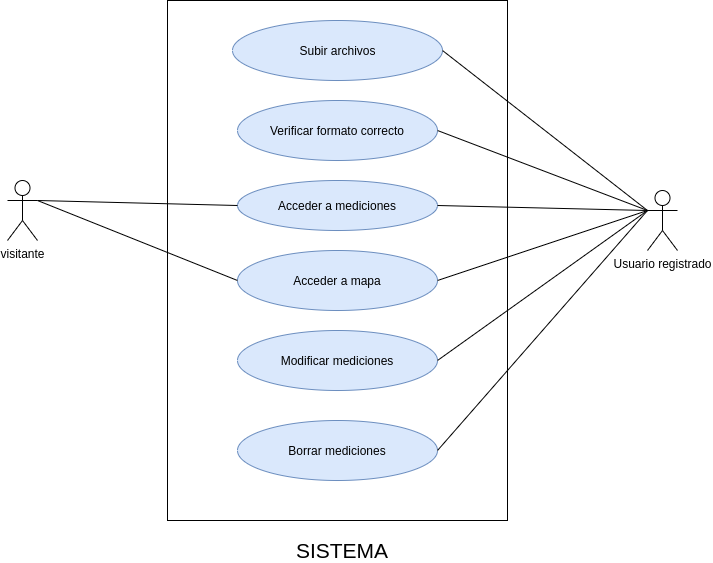

The diagram above was exported from draw.io. Its source (the exported page's mxGraphModel, read from the mxfile embedded in the PNG):
<mxGraphModel dx="1588" dy="911" grid="1" gridSize="10" guides="1" tooltips="1" connect="1" arrows="1" fold="1" page="1" pageScale="1" pageWidth="827" pageHeight="1169" math="0" shadow="0">
  <root>
    <mxCell id="0" />
    <mxCell id="1" parent="0" />
    <mxCell id="CsehIH0CYodEIRPRfv1B-19" value="" style="rounded=0;whiteSpace=wrap;html=1;" vertex="1" parent="1">
      <mxGeometry x="220" y="150" width="340" height="520" as="geometry" />
    </mxCell>
    <mxCell id="CsehIH0CYodEIRPRfv1B-1" value="visitante" style="shape=umlActor;verticalLabelPosition=bottom;verticalAlign=top;html=1;outlineConnect=0;" vertex="1" parent="1">
      <mxGeometry x="60" y="330" width="30" height="60" as="geometry" />
    </mxCell>
    <mxCell id="CsehIH0CYodEIRPRfv1B-3" value="" style="ellipse;whiteSpace=wrap;html=1;fillColor=#dae8fc;strokeColor=#6c8ebf;" vertex="1" parent="1">
      <mxGeometry x="285" y="170" width="210" height="60" as="geometry" />
    </mxCell>
    <mxCell id="CsehIH0CYodEIRPRfv1B-4" value="Subir archivos" style="text;html=1;resizable=0;autosize=1;align=center;verticalAlign=middle;points=[];fillColor=none;strokeColor=none;rounded=0;" vertex="1" parent="1">
      <mxGeometry x="345" y="190" width="90" height="20" as="geometry" />
    </mxCell>
    <mxCell id="CsehIH0CYodEIRPRfv1B-5" value="" style="endArrow=none;html=1;entryX=0;entryY=0.3333333333333333;entryDx=0;entryDy=0;entryPerimeter=0;exitX=1;exitY=0.5;exitDx=0;exitDy=0;" edge="1" parent="1" source="CsehIH0CYodEIRPRfv1B-3" target="CsehIH0CYodEIRPRfv1B-8">
      <mxGeometry width="50" height="50" relative="1" as="geometry">
        <mxPoint x="390" y="420" as="sourcePoint" />
        <mxPoint x="440" y="370" as="targetPoint" />
      </mxGeometry>
    </mxCell>
    <mxCell id="CsehIH0CYodEIRPRfv1B-8" value="Usuario registrado" style="shape=umlActor;verticalLabelPosition=bottom;verticalAlign=top;html=1;outlineConnect=0;" vertex="1" parent="1">
      <mxGeometry x="700" y="340" width="30" height="60" as="geometry" />
    </mxCell>
    <mxCell id="CsehIH0CYodEIRPRfv1B-9" value="Verificar formato correcto" style="ellipse;whiteSpace=wrap;html=1;fillColor=#dae8fc;strokeColor=#6c8ebf;" vertex="1" parent="1">
      <mxGeometry x="290" y="250" width="200" height="60" as="geometry" />
    </mxCell>
    <mxCell id="CsehIH0CYodEIRPRfv1B-10" value="Acceder a mediciones" style="ellipse;whiteSpace=wrap;html=1;fillColor=#dae8fc;strokeColor=#6c8ebf;" vertex="1" parent="1">
      <mxGeometry x="290" y="330" width="200" height="50" as="geometry" />
    </mxCell>
    <mxCell id="CsehIH0CYodEIRPRfv1B-11" value="Modificar mediciones" style="ellipse;whiteSpace=wrap;html=1;fillColor=#dae8fc;strokeColor=#6c8ebf;" vertex="1" parent="1">
      <mxGeometry x="290" y="480" width="200" height="60" as="geometry" />
    </mxCell>
    <mxCell id="CsehIH0CYodEIRPRfv1B-12" value="Borrar mediciones" style="ellipse;whiteSpace=wrap;html=1;fillColor=#dae8fc;strokeColor=#6c8ebf;" vertex="1" parent="1">
      <mxGeometry x="290" y="570" width="200" height="60" as="geometry" />
    </mxCell>
    <mxCell id="CsehIH0CYodEIRPRfv1B-14" value="" style="endArrow=none;html=1;entryX=0;entryY=0.5;entryDx=0;entryDy=0;exitX=1;exitY=0.3333333333333333;exitDx=0;exitDy=0;exitPerimeter=0;" edge="1" parent="1" source="CsehIH0CYodEIRPRfv1B-1" target="CsehIH0CYodEIRPRfv1B-10">
      <mxGeometry width="50" height="50" relative="1" as="geometry">
        <mxPoint x="100" y="270" as="sourcePoint" />
        <mxPoint x="200" y="300" as="targetPoint" />
      </mxGeometry>
    </mxCell>
    <mxCell id="CsehIH0CYodEIRPRfv1B-15" value="" style="endArrow=none;html=1;exitX=1;exitY=0.5;exitDx=0;exitDy=0;entryX=0;entryY=0.3333333333333333;entryDx=0;entryDy=0;entryPerimeter=0;" edge="1" parent="1" source="CsehIH0CYodEIRPRfv1B-9" target="CsehIH0CYodEIRPRfv1B-8">
      <mxGeometry width="50" height="50" relative="1" as="geometry">
        <mxPoint x="600" y="460" as="sourcePoint" />
        <mxPoint x="690" y="270" as="targetPoint" />
      </mxGeometry>
    </mxCell>
    <mxCell id="CsehIH0CYodEIRPRfv1B-16" value="" style="endArrow=none;html=1;exitX=1;exitY=0.5;exitDx=0;exitDy=0;entryX=0;entryY=0.3333333333333333;entryDx=0;entryDy=0;entryPerimeter=0;" edge="1" parent="1" source="CsehIH0CYodEIRPRfv1B-10" target="CsehIH0CYodEIRPRfv1B-8">
      <mxGeometry width="50" height="50" relative="1" as="geometry">
        <mxPoint x="330" y="370" as="sourcePoint" />
        <mxPoint x="660" y="355" as="targetPoint" />
      </mxGeometry>
    </mxCell>
    <mxCell id="CsehIH0CYodEIRPRfv1B-17" value="" style="endArrow=none;html=1;entryX=0;entryY=0.3333333333333333;entryDx=0;entryDy=0;entryPerimeter=0;exitX=1;exitY=0.5;exitDx=0;exitDy=0;" edge="1" parent="1" source="CsehIH0CYodEIRPRfv1B-11" target="CsehIH0CYodEIRPRfv1B-8">
      <mxGeometry width="50" height="50" relative="1" as="geometry">
        <mxPoint x="330" y="370" as="sourcePoint" />
        <mxPoint x="380" y="320" as="targetPoint" />
      </mxGeometry>
    </mxCell>
    <mxCell id="CsehIH0CYodEIRPRfv1B-18" value="" style="endArrow=none;html=1;entryX=0;entryY=0.3333333333333333;entryDx=0;entryDy=0;entryPerimeter=0;exitX=1;exitY=0.5;exitDx=0;exitDy=0;" edge="1" parent="1" source="CsehIH0CYodEIRPRfv1B-12" target="CsehIH0CYodEIRPRfv1B-8">
      <mxGeometry width="50" height="50" relative="1" as="geometry">
        <mxPoint x="330" y="370" as="sourcePoint" />
        <mxPoint x="380" y="320" as="targetPoint" />
      </mxGeometry>
    </mxCell>
    <mxCell id="CsehIH0CYodEIRPRfv1B-20" value="Acceder a mapa" style="ellipse;whiteSpace=wrap;html=1;fillColor=#dae8fc;strokeColor=#6c8ebf;" vertex="1" parent="1">
      <mxGeometry x="290" y="400" width="200" height="60" as="geometry" />
    </mxCell>
    <mxCell id="CsehIH0CYodEIRPRfv1B-21" value="" style="endArrow=none;html=1;entryX=0;entryY=0.5;entryDx=0;entryDy=0;exitX=1;exitY=0.3333333333333333;exitDx=0;exitDy=0;exitPerimeter=0;" edge="1" parent="1" source="CsehIH0CYodEIRPRfv1B-1" target="CsehIH0CYodEIRPRfv1B-20">
      <mxGeometry width="50" height="50" relative="1" as="geometry">
        <mxPoint x="110" y="470" as="sourcePoint" />
        <mxPoint x="160" y="420" as="targetPoint" />
      </mxGeometry>
    </mxCell>
    <mxCell id="CsehIH0CYodEIRPRfv1B-22" value="" style="endArrow=none;html=1;exitX=1;exitY=0.5;exitDx=0;exitDy=0;entryX=0;entryY=0.3333333333333333;entryDx=0;entryDy=0;entryPerimeter=0;" edge="1" parent="1" source="CsehIH0CYodEIRPRfv1B-20" target="CsehIH0CYodEIRPRfv1B-8">
      <mxGeometry width="50" height="50" relative="1" as="geometry">
        <mxPoint x="100" y="530" as="sourcePoint" />
        <mxPoint x="690" y="270" as="targetPoint" />
      </mxGeometry>
    </mxCell>
    <mxCell id="CsehIH0CYodEIRPRfv1B-23" value="SISTEMA" style="text;html=1;strokeColor=none;fillColor=none;align=center;verticalAlign=middle;whiteSpace=wrap;rounded=0;fontSize=21;" vertex="1" parent="1">
      <mxGeometry x="355" y="690" width="80" height="20" as="geometry" />
    </mxCell>
  </root>
</mxGraphModel>
-=-=-
Task to complete:
Say how many lines of the listing above include the word "whiteSpace", and give no other text.

Answer below:
8